基于本体的洗钱案例特征提取研究-智能与分布计算实验室

基于本体的洗钱案例特征提取研究

姓名	王光武
论文答辩日期	2007.05.31
论文提交日期	2007.06.10
论文级别	硕士
中文题名	基于本体的洗钱案例特征提取研究
英文题名	A Study On Feature Extraction in money-laundering cases Based on Ontology
导师1	李玉华
导师2
中文关键词	领域本体;洗钱案例;模式匹配算法;特征提取
英文关键词	Ontology;money-laundering case;algorithms of pattern matching;feature extraction
中文文摘	洗钱案例特征值是金融领域中判定洗钱活动的一项重要参考依据。在基于案例推理的监测甄别中，首要任务是将案例报告的特征值录入到案例库。由于洗钱案例报告自身所具有的信息隐藏性和非结构化性，使得这项工作尚处于人工操作阶段，在效率和准确率上难以达到要求。基于此，提出一种基于本体的特征提取方法，设计并实现了文本知识的自动获取。本体作为一种概念化的显示说明，是对客观存在的概念和关系的描述。通常情况下，本体的构建是在领域专家的指导下进行的。实际应用中，在分析了大量洗钱案例报告之后，将其抽象出一个概念模型，抽取其中能代表洗钱特性的关键字作为本体中的类。利用同样原理再定义相应类的子类以及子类与父类之间的属性关系，最后是定义实例和加入约束。在特征提取中，采用模式匹配和定义文法相结合的方法实现。模式匹配的功能是确定索引关键字出现在在文本向量中的位置；文法定义规定了被抽取数据的出现形式，数据定义提供了数据规格化的参考标准。此外，对模式匹配算法做了深入的研究，分析了各算法的优缺点和复杂度，并对现有算法做了改进。最后，设计了一个原型系统。系统是开发语言是Java，运行在B/S模式下。系统中使用了开源工具protégé 3.1进行本体的编辑和Jena 2.4进行本体解析，实验的输入数据来自官方提供的洗钱案例报告样本，输出形式为可以存储在关系数据库中的结构化数据。

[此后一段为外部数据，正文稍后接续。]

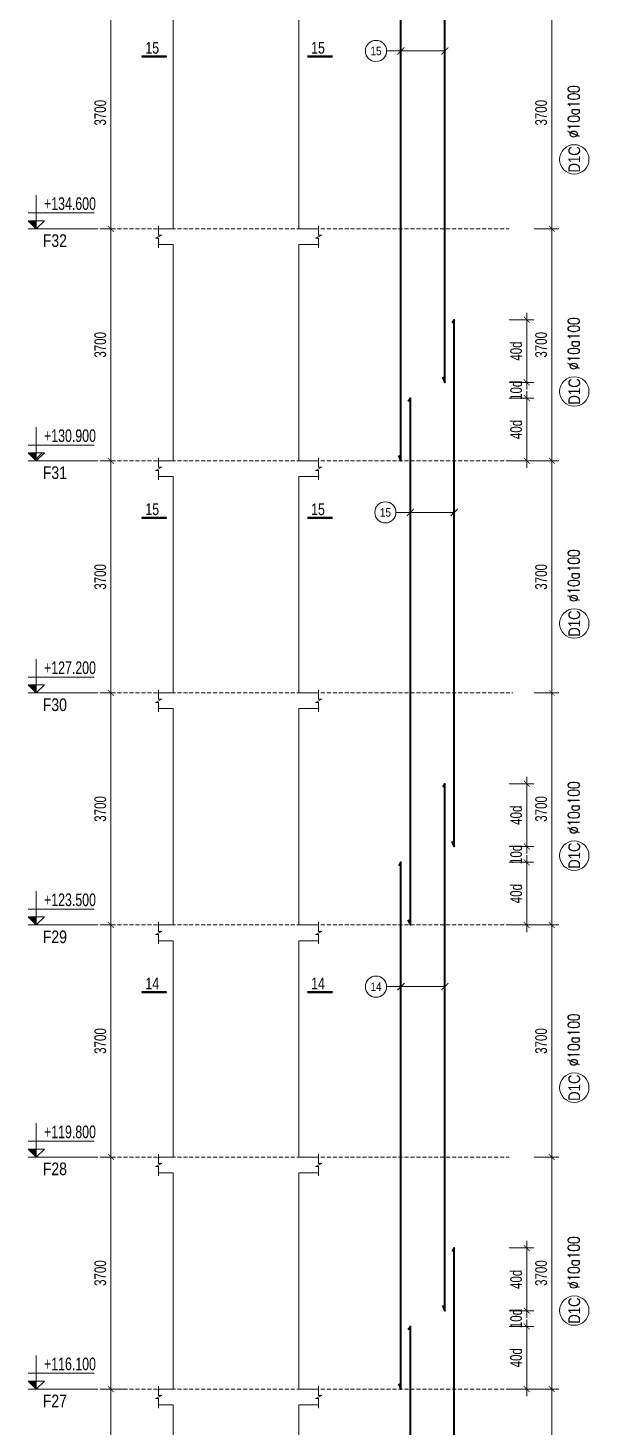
# Model space of a CAD drawing. Header units: millimetres. Extents: x 415878 to 795945, y 85573 to 378758.
# Drawn here: x 476186 to 485129, y 216810 to 239131 of the extents above; entities that cross this region are included whole.
import ezdxf
from ezdxf.enums import TextEntityAlignment as Align

# ---------------------------------------------------------------- set-up
doc = ezdxf.new("R2010")
doc.units = ezdxf.units.MM
doc.linetypes.add('DASHED2', pattern=[9.524999999999999, 6.35, -3.175])
doc.layers.get('0').update_dxf_attribs({"lineweight": 20})
doc.layers.get('Defpoints').update_dxf_attribs({"color": 151, "lineweight": 9})
for name, color, linetype, lineweight in [('NDC_S_ANNO', 7, 'Continuous', 20), ('NDC_S_CONTINUOUS', 3, 'Continuous', 20), ('NDC_S_DIM', 1, 'Continuous', 15), ('NDC_S_ENG TITLE', 3, 'Continuous', 20), ('NDC_S_HATCH MATERIAL', 8, 'Continuous', 13), ('NDC_S_LEADER', 1, 'Continuous', 15), ('NDC_S_REBAR NO.', 7, 'Continuous', 20), ('NDC_S_REBAR NO. BOX', 1, 'Continuous', 9), ('NDC_S_STIRRUP', 4, 'Continuous', 40), ('NDC_S_TEXT SYMBOL', 7, 'Continuous', 20), ('NDC_S_VN TEXT', 7, 'Continuous', 20)]:
    doc.layers.add(name, color=color, linetype=linetype, lineweight=lineweight)
doc.styles.add('NDC_ANNO', font='', dxfattribs={"width": 0.8})
doc.styles.add('NDC_ARIAL', font='arial.ttf', dxfattribs={"width": 0.85})
doc.styles.add('NDC_DIM', font='', dxfattribs={"width": 0.75})
doc.styles.add('NDC_ROMANS', font='romans.shx', dxfattribs={"width": 0.7})
doc.styles.add('NDC_VIE TXT', font='arial.ttf', dxfattribs={"width": 0.8})
doc.styles.get('NDC_ANNO').set_extended_font_data('Dotum')
doc.styles.get('NDC_DIM').set_extended_font_data('Dotum')
doc.dimstyles.new('NDC_dim_75', dxfattribs={"dimscale": 75, "dimtxt": 2.5, "dimasz": 1.5, "dimexe": 1.5, "dimexo": 2.5, "dimgap": 1, "dimtad": 1, "dimdec": 0, "dimzin": 0, "dimdsep": 46, "dimtxsty": 'NDC_DIM', "dimblk": 'DIMMARK', "dimcen": 0.09, "dimdle": 1.2, "dimclrd": 1, "dimclre": 1, "dimclrt": 3, "dimadec": 0, "dimazin": 0, "dimtfac": 1, "dimtdec": 0, "dimtix": 1, "dimtofl": 0, "dimtmove": 0, "dimatfit": 3, "dimfxl": 8, "dimfxlon": 1, "dimtolj": 1, "dimtzin": 0, "dimarcsym": 0})

# ---------------------------------------------------------------- blocks, each defined once
blk = doc.blocks.new('DIMMARK')
at = {"layer": 'NDC_S_DIM', "color": 1}
blk.add_line((-1.5, 0), (1, 0), dxfattribs=at)
at = {"layer": 'NDC_S_DIM', "color": 2, "const_width": 0.1}
blk.add_lwpolyline([(-0.4242640687119285, -0.4242640687119285), (0.4242640687119285, 0.4242640687119285)], dxfattribs=at)
blk = doc.blocks.new('*D690')
at = {"layer": 'Defpoints', "color": 0, "transparency": 16777216}
for p in [(477507.7895050008, 217429.3984995191), (477949.631236015, 217429.3984995191), (477949.631236015, 213729.3984995191)]:
    blk.add_point(p, dxfattribs=at)
at = {"layer": 'NDC_S_HATCH MATERIAL', "color": 1, "lineweight": -2, "transparency": 16777216}
for p, q in [((477762.131236015, 217429.3984995191), (477395.2895050008, 217429.3984995191)), ((477507.7895050008, 213841.8984995191), (477507.7895050008, 217316.8984995191)), ((477762.131236015, 213729.3984995191), (477395.2895050008, 213729.3984995191))]:
    blk.add_line(p, q, dxfattribs=at)
at = {"layer": 'NDC_S_HATCH MATERIAL', "color": 1, "lineweight": -2, "transparency": 16777216, "xscale": 112.5, "yscale": 112.5, "zscale": 112.5}
for p, rotation in [((477507.7895050008, 217429.3984995191), 90), ((477507.7895050008, 213729.3984995191), 270)]:
    blk.add_blockref('DIMMARK', p, dxfattribs=dict(at, rotation=rotation))
at = {"layer": 'NDC_S_HATCH MATERIAL', "color": 3, "transparency": 16777216, "insert": (477339.0395050008, 215579.3984995192), "char_height": 187.5, "attachment_point": 5, "rotation": 90, "style": 'NDC_DIM'}
blk.add_mtext('\\A1;3700', dxfattribs=at)
blk = doc.blocks.new('*D691')
at = {"layer": 'Defpoints', "color": 0, "transparency": 16777216}
for p in [(477507.789505001, 221129.3984995191), (477770.0957627475, 221129.3984995191), (477949.631236015, 217429.3984995191)]:
    blk.add_point(p, dxfattribs=at)
at = {"layer": 'NDC_S_HATCH MATERIAL', "color": 1, "lineweight": -2, "transparency": 16777216}
for p, q in [((477582.5957627475, 221129.3984995191), (477395.289505001, 221129.3984995191)), ((477507.789505001, 217541.8984995191), (477507.789505001, 221016.8984995191)), ((477762.131236015, 217429.3984995191), (477395.289505001, 217429.3984995191))]:
    blk.add_line(p, q, dxfattribs=at)
at = {"layer": 'NDC_S_HATCH MATERIAL', "color": 1, "lineweight": -2, "transparency": 16777216, "xscale": 112.5, "yscale": 112.5, "zscale": 112.5}
for p, rotation in [((477507.789505001, 221129.3984995191), 90), ((477507.789505001, 217429.3984995191), 270)]:
    blk.add_blockref('DIMMARK', p, dxfattribs=dict(at, rotation=rotation))
at = {"layer": 'NDC_S_HATCH MATERIAL', "color": 3, "transparency": 16777216, "insert": (477339.039505001, 219279.3984995192), "char_height": 187.5, "attachment_point": 5, "rotation": 90, "style": 'NDC_DIM'}
blk.add_mtext('\\A1;3700', dxfattribs=at)
blk = doc.blocks.new('*D692')
at = {"layer": 'Defpoints', "color": 0, "transparency": 16777216}
for p in [(477507.7895050013, 224829.3984995191), (477770.0957627475, 224829.3984995191), (477770.0957627475, 221129.3984995191)]:
    blk.add_point(p, dxfattribs=at)
at = {"layer": 'NDC_S_HATCH MATERIAL', "color": 1, "lineweight": -2, "transparency": 16777216}
for p, q in [((477582.5957627475, 224829.3984995191), (477395.2895050013, 224829.3984995191)), ((477507.7895050013, 221241.8984995191), (477507.7895050013, 224716.8984995191)), ((477582.5957627475, 221129.3984995191), (477395.2895050013, 221129.3984995191))]:
    blk.add_line(p, q, dxfattribs=at)
at = {"layer": 'NDC_S_HATCH MATERIAL', "color": 1, "lineweight": -2, "transparency": 16777216, "xscale": 112.5, "yscale": 112.5, "zscale": 112.5}
for p, rotation in [((477507.7895050013, 224829.3984995191), 90), ((477507.7895050013, 221129.3984995191), 270)]:
    blk.add_blockref('DIMMARK', p, dxfattribs=dict(at, rotation=rotation))
at = {"layer": 'NDC_S_HATCH MATERIAL', "color": 3, "transparency": 16777216, "insert": (477339.0395050012, 222979.3984995192), "char_height": 187.5, "attachment_point": 5, "rotation": 90, "style": 'NDC_DIM'}
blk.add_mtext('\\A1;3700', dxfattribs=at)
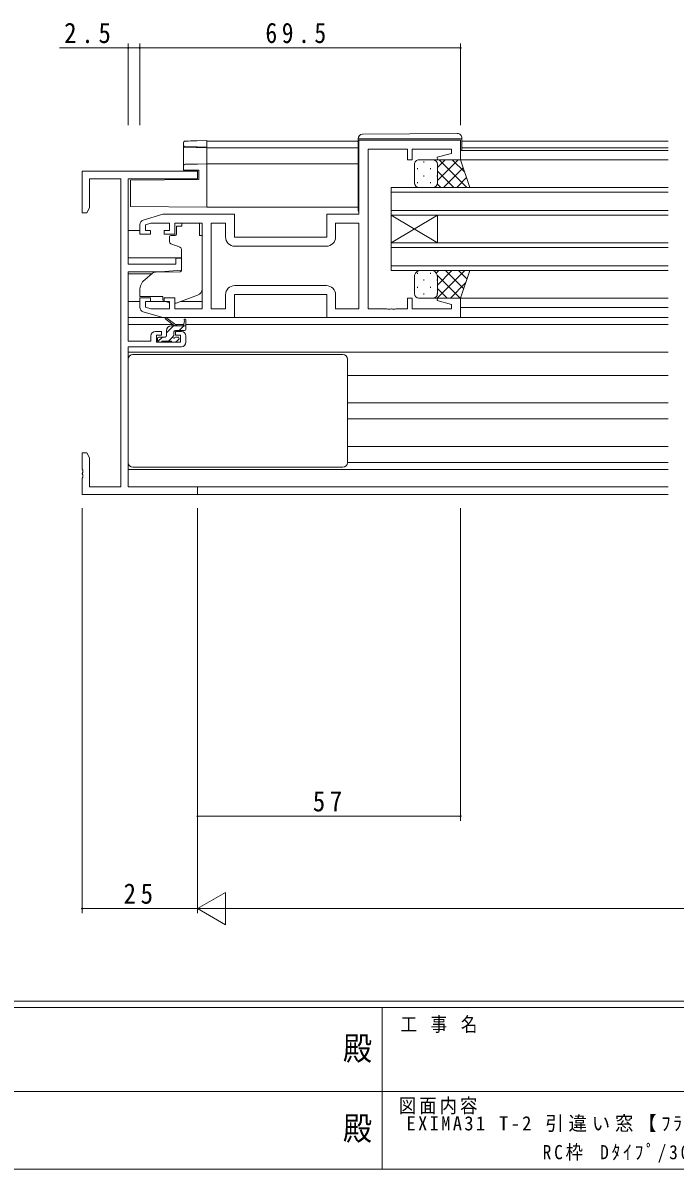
# Model space of a CAD drawing. Units: millimetres on the paper. Extents: x -397 to 397, y -282 to 282.
# Drawn here: x -86.7 to 54.6, y -282.1 to -33.9 of the extents above; entities that cross this region are included whole.
import ezdxf
from ezdxf.enums import TextEntityAlignment as Align

# ---------------------------------------------------------------- set-up
doc = ezdxf.new("R2010")
doc.units = ezdxf.units.MM
for name, color, linetype, lineweight in [('0-1_YKK_ZWAK', 7, 'Continuous', 18), ('0-3_YKK_11', 7, 'Continuous', 18), ('0-4_YKK_12', 2, 'Continuous', 18), ('0-5_YKK_13', 4, 'Continuous', 18), ('0-6_YKK_D', 6, 'Continuous', 18)]:
    doc.layers.add(name, color=color, linetype=linetype, lineweight=lineweight)
doc.layers.add('0-2_USER1', color=7, linetype='Continuous')
doc.styles.add('ＭＳ ゴシック', font='')
doc.styles.get('ＭＳ ゴシック').set_extended_font_data('MS Gothic')

msp = doc.modelspace()

# ---------------------------------------------------------------- linework, layer by layer
at = {"layer": '0-1_YKK_ZWAK'}
for p, q in [((376.092, -245.688), (-393.908, -245.688)), ((338.292, -247.088), (-393.908, -247.088)), ((-8.908, -247.088), (-8.908, -282.088)), ((-136.308, -265.287), (-7.508, -265.287)), ((-7.508, -265.287), (121.292, -265.287)), ((-393.908, -282.088), (338.292, -282.088))]:
    msp.add_line(p, q, dxfattribs=at)
at = {"layer": '0-3_YKK_11'}
for p, q in [((-13.908, -59.29), (-13.908, -75.29)), ((8.092, -59.29), (-13.908, -59.29)), ((8.092, -63.49), (8.092, -59.29)), ((-11.908, -61.22), (-3.408, -61.22)), ((-11.908, -95.76), (-11.908, -61.22)), ((-3.408, -61.22), (-3.408, -63.49)), ((-2.408, -61.22), (6.162, -61.22)), ((-2.408, -63.49), (-2.408, -61.22)), ((6.162, -61.22), (6.162, -62.137)), ((-3.408, -63.49), (-2.408, -63.49)), ((6.162, -62.137), (3.063, -62.968)), ((3.063, -62.968), (3.131, -63.49)), ((3.131, -63.49), (8.092, -63.49)), ((-73.908, -65.99), (-73.908, -74.99)), ((-48.908, -65.99), (-73.908, -65.99)), ((-48.908, -67.62), (-48.908, -65.99)), ((-72.278, -67.62), (-65.538, -67.62)), ((-72.278, -73.899), (-72.278, -67.62)), ((-65.538, -67.62), (-65.538, -134.36)), ((-63.908, -67.62), (-48.908, -67.62)), ((-63.908, -86.09), (-63.908, -67.62)), ((-72.908, -74.99), (-72.278, -73.899)), ((-73.908, -74.99), (-72.908, -74.99)), ((-56.408, -75.29), (-60.696, -76.576)), ((-40.908, -75.29), (-56.408, -75.29)), ((-40.908, -80.29), (-40.908, -75.29)), ((-20.908, -75.29), (-20.908, -80.29)), ((-13.908, -75.29), (-20.908, -75.29)), ((-61.408, -77.534), (-61.408, -79.59)), ((-60.208, -77.579), (-59.013, -77.22)), ((-60.208, -78.79), (-60.208, -77.579)), ((-59.108, -78.79), (-60.208, -78.79)), ((-59.108, -79.59), (-59.108, -78.79)), ((-59.013, -77.22), (-55.008, -77.22)), ((-56.108, -78.79), (-56.108, -79.59)), ((-55.008, -78.79), (-56.108, -78.79)), ((-55.008, -77.22), (-55.008, -78.79)), ((-53.808, -77.22), (-47.908, -77.22)), ((-53.808, -79.59), (-53.808, -77.22)), ((-47.908, -77.22), (-47.908, -95.76)), ((-45.978, -77.22), (-45.978, -95.76)), ((-42.838, -77.22), (-45.978, -77.22)), ((-42.838, -80.22), (-42.838, -77.22)), ((-18.978, -77.22), (-18.978, -80.22)), ((-13.908, -77.22), (-18.978, -77.22)), ((-13.908, -95.76), (-13.908, -77.22)), ((-61.408, -79.59), (-59.108, -79.59)), ((-56.108, -79.59), (-53.808, -79.59)), ((-20.908, -80.29), (-40.908, -80.29)), ((-20.978, -82.22), (-40.838, -82.22)), ((-20.978, -82.22), (-40.838, -82.22)), ((-53.608, -86.09), (-63.908, -86.09)), ((-53.608, -84.79), (-53.608, -86.09)), ((-52.408, -84.79), (-53.608, -84.79)), ((-52.408, -87.396), (-52.408, -84.79)), ((-63.908, -87.79), (-56.908, -87.79)), ((-63.908, -102.79), (-63.908, -87.79)), ((-56.908, -87.79), (-52.408, -87.396)), ((-40.838, -90.76), (-20.978, -90.76)), ((-61.408, -93.39), (-61.408, -95.446)), ((-59.108, -93.39), (-61.408, -93.39)), ((-60.208, -94.19), (-59.108, -94.19)), ((-60.208, -95.402), (-60.208, -94.19)), ((-59.108, -94.19), (-59.108, -93.39)), ((-56.108, -93.39), (-56.108, -94.19)), ((-53.808, -93.39), (-56.108, -93.39)), ((-56.108, -94.19), (-55.008, -94.19)), ((-55.008, -94.19), (-55.008, -95.76)), ((-53.808, -95.76), (-53.808, -93.39)), ((-42.838, -95.76), (-42.838, -92.76)), ((-40.908, -92.69), (-20.908, -92.69)), ((-40.908, -97.69), (-40.908, -92.69)), ((-20.908, -92.69), (-20.908, -97.69)), ((-18.978, -92.76), (-18.978, -95.76)), ((-3.408, -93.49), (-3.408, -95.76)), ((-2.408, -93.49), (-3.408, -93.49)), ((-2.408, -95.76), (-2.408, -93.49)), ((3.131, -93.49), (3.063, -94.013)), ((3.063, -94.013), (6.162, -94.843)), ((8.092, -93.49), (3.131, -93.49)), ((8.092, -97.69), (8.092, -93.49)), ((-60.696, -96.404), (-56.408, -97.69)), ((-59.013, -95.76), (-60.208, -95.402)), ((-55.008, -95.76), (-59.013, -95.76)), ((-47.908, -95.76), (-53.808, -95.76)), ((-45.978, -95.76), (-42.838, -95.76)), ((-18.978, -95.76), (-13.908, -95.76)), ((-7.866, -95.76), (-11.908, -95.76)), ((-7.683, -95.88), (-7.866, -95.76)), ((-7.133, -95.88), (-7.683, -95.88)), ((-6.95, -95.76), (-7.133, -95.88)), ((-6.866, -95.76), (-6.95, -95.76)), ((-6.683, -95.88), (-6.866, -95.76)), ((-6.133, -95.88), (-6.683, -95.88)), ((-5.95, -95.76), (-6.133, -95.88)), ((-3.408, -95.76), (-5.95, -95.76)), ((6.162, -95.76), (-2.408, -95.76)), ((6.162, -94.843), (6.162, -95.76)), ((-56.408, -97.69), (-40.908, -97.69)), ((-20.908, -97.69), (8.092, -97.69)), ((-59.008, -101.69), (-59.008, -102.79)), ((-56.708, -100.69), (-58.008, -100.69)), ((-57.808, -101.49), (-56.708, -101.49)), ((-57.808, -102.99), (-57.808, -101.49)), ((-56.708, -101.49), (-56.708, -100.69)), ((-53.708, -100.69), (-53.708, -101.49)), ((-52.408, -100.69), (-53.708, -100.69)), ((-53.708, -101.49), (-52.608, -101.49)), ((-52.608, -101.49), (-52.608, -102.99)), ((-51.408, -102.99), (-51.408, -101.69)), ((-59.008, -102.79), (-63.908, -102.79)), ((-63.908, -103.99), (-52.408, -103.99)), ((-63.908, -134.36), (-63.908, -103.99)), ((-52.608, -102.99), (-57.808, -102.99)), ((-73.908, -126.99), (-73.908, -130.532)), ((-72.908, -126.99), (-73.908, -126.99)), ((-72.278, -128.081), (-72.908, -126.99)), ((-72.278, -134.36), (-72.278, -128.081)), ((-73.908, -130.532), (-73.788, -130.715)), ((-73.788, -131.265), (-73.908, -131.448)), ((-73.908, -131.448), (-73.908, -131.532)), ((-73.908, -131.532), (-73.788, -131.715)), ((-73.788, -130.715), (-73.788, -131.265)), ((-73.788, -132.265), (-73.908, -132.448)), ((-73.908, -132.448), (-73.908, -135.99)), ((-73.788, -131.715), (-73.788, -132.265)), ((-73.908, -135.99), (-48.908, -135.99)), ((-65.538, -134.36), (-72.278, -134.36)), ((-48.908, -134.36), (-63.908, -134.36)), ((-48.908, -135.99), (-48.908, -134.36))]:
    msp.add_line(p, q, dxfattribs=at)
for centre, radius, start, end in [((-60.408, -77.534), 1, 106.69926, 180.00004), ((-40.838, -80.22), 2, 180.00001, 269.99999), ((-20.978, -80.22), 2, 270.00001, 359.99999), ((-40.838, -92.76), 2, 90.00001, 179.99999), ((-20.978, -92.76), 2, 0.00001, 89.99999), ((-60.408, -95.446), 1, 179.99996, 253.30074), ((-58.008, -101.69), 1, 90.00001, 179.99999), ((-52.408, -101.69), 1, 0.00001, 89.99999), ((-52.408, -102.99), 1, 270.00001, 359.99999)]:
    msp.add_arc(centre, radius, start, end, dxfattribs=at)
at = {"layer": '0-4_YKK_12'}
for p, q in [((-46.908, -73.79), (-46.908, -59.49)), ((-46.908, -59.49), (-14.108, -59.49)), ((8.392, -59.49), (53.092, -59.49)), ((-14.108, -60.89), (-46.908, -60.89)), ((8.092, -61.489), (53.092, -61.49)), ((53.092, -60.89), (8.392, -60.89)), ((-46.908, -64.39), (-14.108, -64.39)), ((7.592, -63.49), (53.092, -63.49)), ((-6.908, -75.49), (-6.908, -69.49)), ((-6.908, -69.49), (53.092, -69.49)), ((53.092, -70.49), (-6.908, -70.49)), ((-46.908, -73.79), (-14.108, -73.79)), ((-6.908, -74.49), (53.092, -74.49)), ((-6.908, -81.49), (3.092, -75.49)), ((-6.908, -75.49), (3.092, -81.49)), ((-6.908, -75.49), (-6.908, -81.49)), ((53.092, -75.49), (-6.908, -75.49)), ((3.092, -75.49), (3.092, -81.49)), ((-63.908, -78.79), (-61.408, -78.79)), ((-6.908, -87.49), (-6.908, -81.49)), ((-6.908, -81.49), (53.092, -81.49)), ((53.092, -82.49), (-6.908, -82.49)), ((-63.908, -84.744), (-52.408, -84.744)), ((-6.908, -86.49), (53.092, -86.49)), ((-63.908, -88.237), (-58.84, -88.237)), ((53.092, -87.49), (-6.908, -87.49)), ((-63.908, -94.19), (-61.408, -94.19)), ((-59.908, -94.19), (-55.308, -94.19)), ((-52.593, -94.19), (-47.908, -94.19)), ((7.592, -93.49), (53.092, -93.489)), ((8.092, -95.49), (53.092, -95.49)), ((-63.908, -99.19), (-54.298, -99.19)), ((-53.704, -99.19), (-51.854, -99.19)), ((-51.408, -99.19), (53.092, -99.19)), ((7.592, -97.69), (53.092, -97.69)), ((7.592, -97.69), (53.092, -97.69)), ((-63.908, -105.19), (53.092, -105.19)), ((-16.408, -110.19), (53.092, -110.19)), ((-16.408, -116.144), (53.092, -116.144)), ((-16.408, -119.637), (53.092, -119.637)), ((-16.408, -125.59), (53.092, -125.59)), ((-63.908, -130.59), (53.092, -130.59)), ((53.092, -134.36), (-63.608, -134.36)), ((-49.208, -135.99), (53.092, -135.99))]:
    msp.add_line(p, q, dxfattribs=at)
at = {"layer": '0-5_YKK_13'}
for p, q in [((-51.708, -59.505), (-51.845, -59.605)), ((-51.588, -59.481), (-51.708, -59.505)), ((-51.413, -59.468), (-51.563, -59.479)), ((-51.169, -59.455), (-51.413, -59.468)), ((-50.84, -59.443), (-51.169, -59.455)), ((-50.439, -59.43), (-50.84, -59.443)), ((-49.98, -59.417), (-50.439, -59.43)), ((-49.481, -59.406), (-49.98, -59.417)), ((-48.961, -59.396), (-49.481, -59.406)), ((-48.961, -59.396), (-46.908, -59.359)), ((-46.908, -59.359), (-46.908, -59.659)), ((-14.108, -58.981), (-14.108, -58.99)), ((-14.108, -58.99), (-14.108, -59.29)), ((-14.108, -58.99), (-13.613, -58.99)), ((-14.108, -74.29), (-14.108, -59.29)), ((7.383, -57.803), (-13.117, -57.982)), ((8.392, -59.29), (8.392, -58.99)), ((8.392, -59.29), (8.392, -61.49)), ((-51.845, -59.605), (-51.908, -59.789)), ((-51.908, -60.425), (-51.908, -59.789)), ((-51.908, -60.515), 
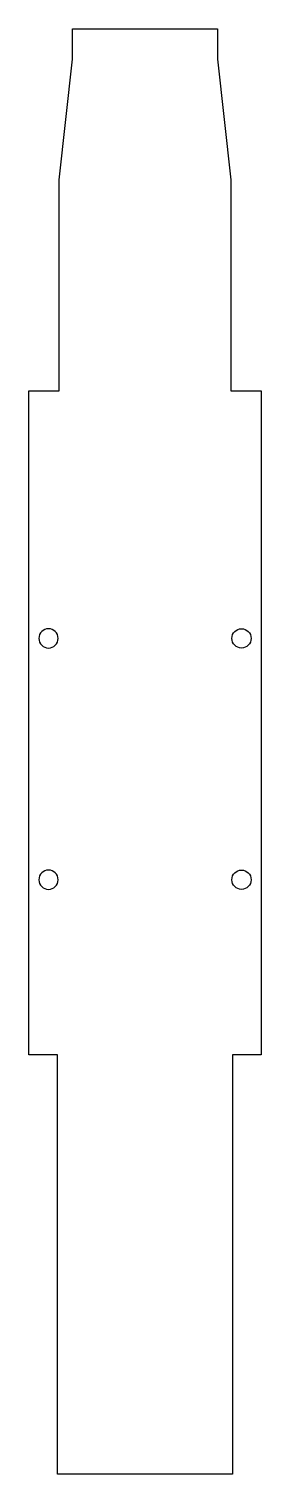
# Model space of a CAD drawing. Header units: millimetres. Extents: x -19 to 19, y -179 to 60.
import ezdxf

# ---------------------------------------------------------------- set-up
doc = ezdxf.new("R2010")
doc.units = ezdxf.units.MM
doc.layers.get('0').update_dxf_attribs({"linetype": 'CONTINUOUS'})

msp = doc.modelspace()

# ---------------------------------------------------------------- linework, layer by layer
msp.add_lwpolyline([(14.5, -179.5), (-14.5, -179.5), (-14.5, -110), (-19.25, -110), (-19.25, 0), (-14.25, 0), (-14.25, 35), (-12, 55), (-12, 60), (12, 60), (12, 55), (14.25, 35), (14.25, 0), (19.25, 0), (19.25, -110), (14.5, -110)], close=True)
at = {"extrusion": (0, 0, -1)}
for centre in [(16, -41), (16, -81)]:
    msp.add_circle(centre, 1.6, dxfattribs=at)
for centre in [(16, -41), (16, -81)]:
    msp.add_circle(centre, 1.6)

doc.saveas('drawing.dxf')

英文文摘	The feature of money-laundering case is a important reference which could judge the activations of money-laundering in Financial fields. In the test of money-laundering with CBR(Case Based Reasoning), the first task is to input the features into the cases database. As money-laundering case reports themselves with the properties of information hidden, it makes this work is still at the stage of manual, the both of efficiency and accuracy are not Satisfactory. According to this ,the paper presents a method which is based on ontology. Since the introduction of Domain Ontology . it implemented the full text of knowledge acquisition and make people get out from the heavy manual labor. As a conceptualization of the explicit note ,Ontology is the description of conceptions and relations which is in the objective world. In the actual study , the construction of ontology is usually with the help of experts in the field . We analysis a large number of money-laundering cases reports and abstract the concepts into a model. Extract the keyword as the classes in the ontology , then definite subclasses and attribution relations of all kinds of classes. At last, it assignments all the instances for the classes which the instances are certain and add the restrictions between all the classes. In the knowledge acquisition , this paper uses a methods of pattern matching and text definition .The task of pattern matching is the certainty of position which index keyword in the text vector. The production rules and data rules of text definition constraint the formation of extracted information . In addition ,we make a deep study for the algorithm of pattern matching and improve the present algorithm. At last , the issues designed a simulated system, the system is developed with Java and is running the mode of B/S. In the process of developing , we use the open-source toolkit protégé to edit the Ontology and use Jena to apply the Ontology .The data for the input of experiment is from the samples of money-laundering case reports which supplied by the official agency, and the data of output is the structured data in the Database.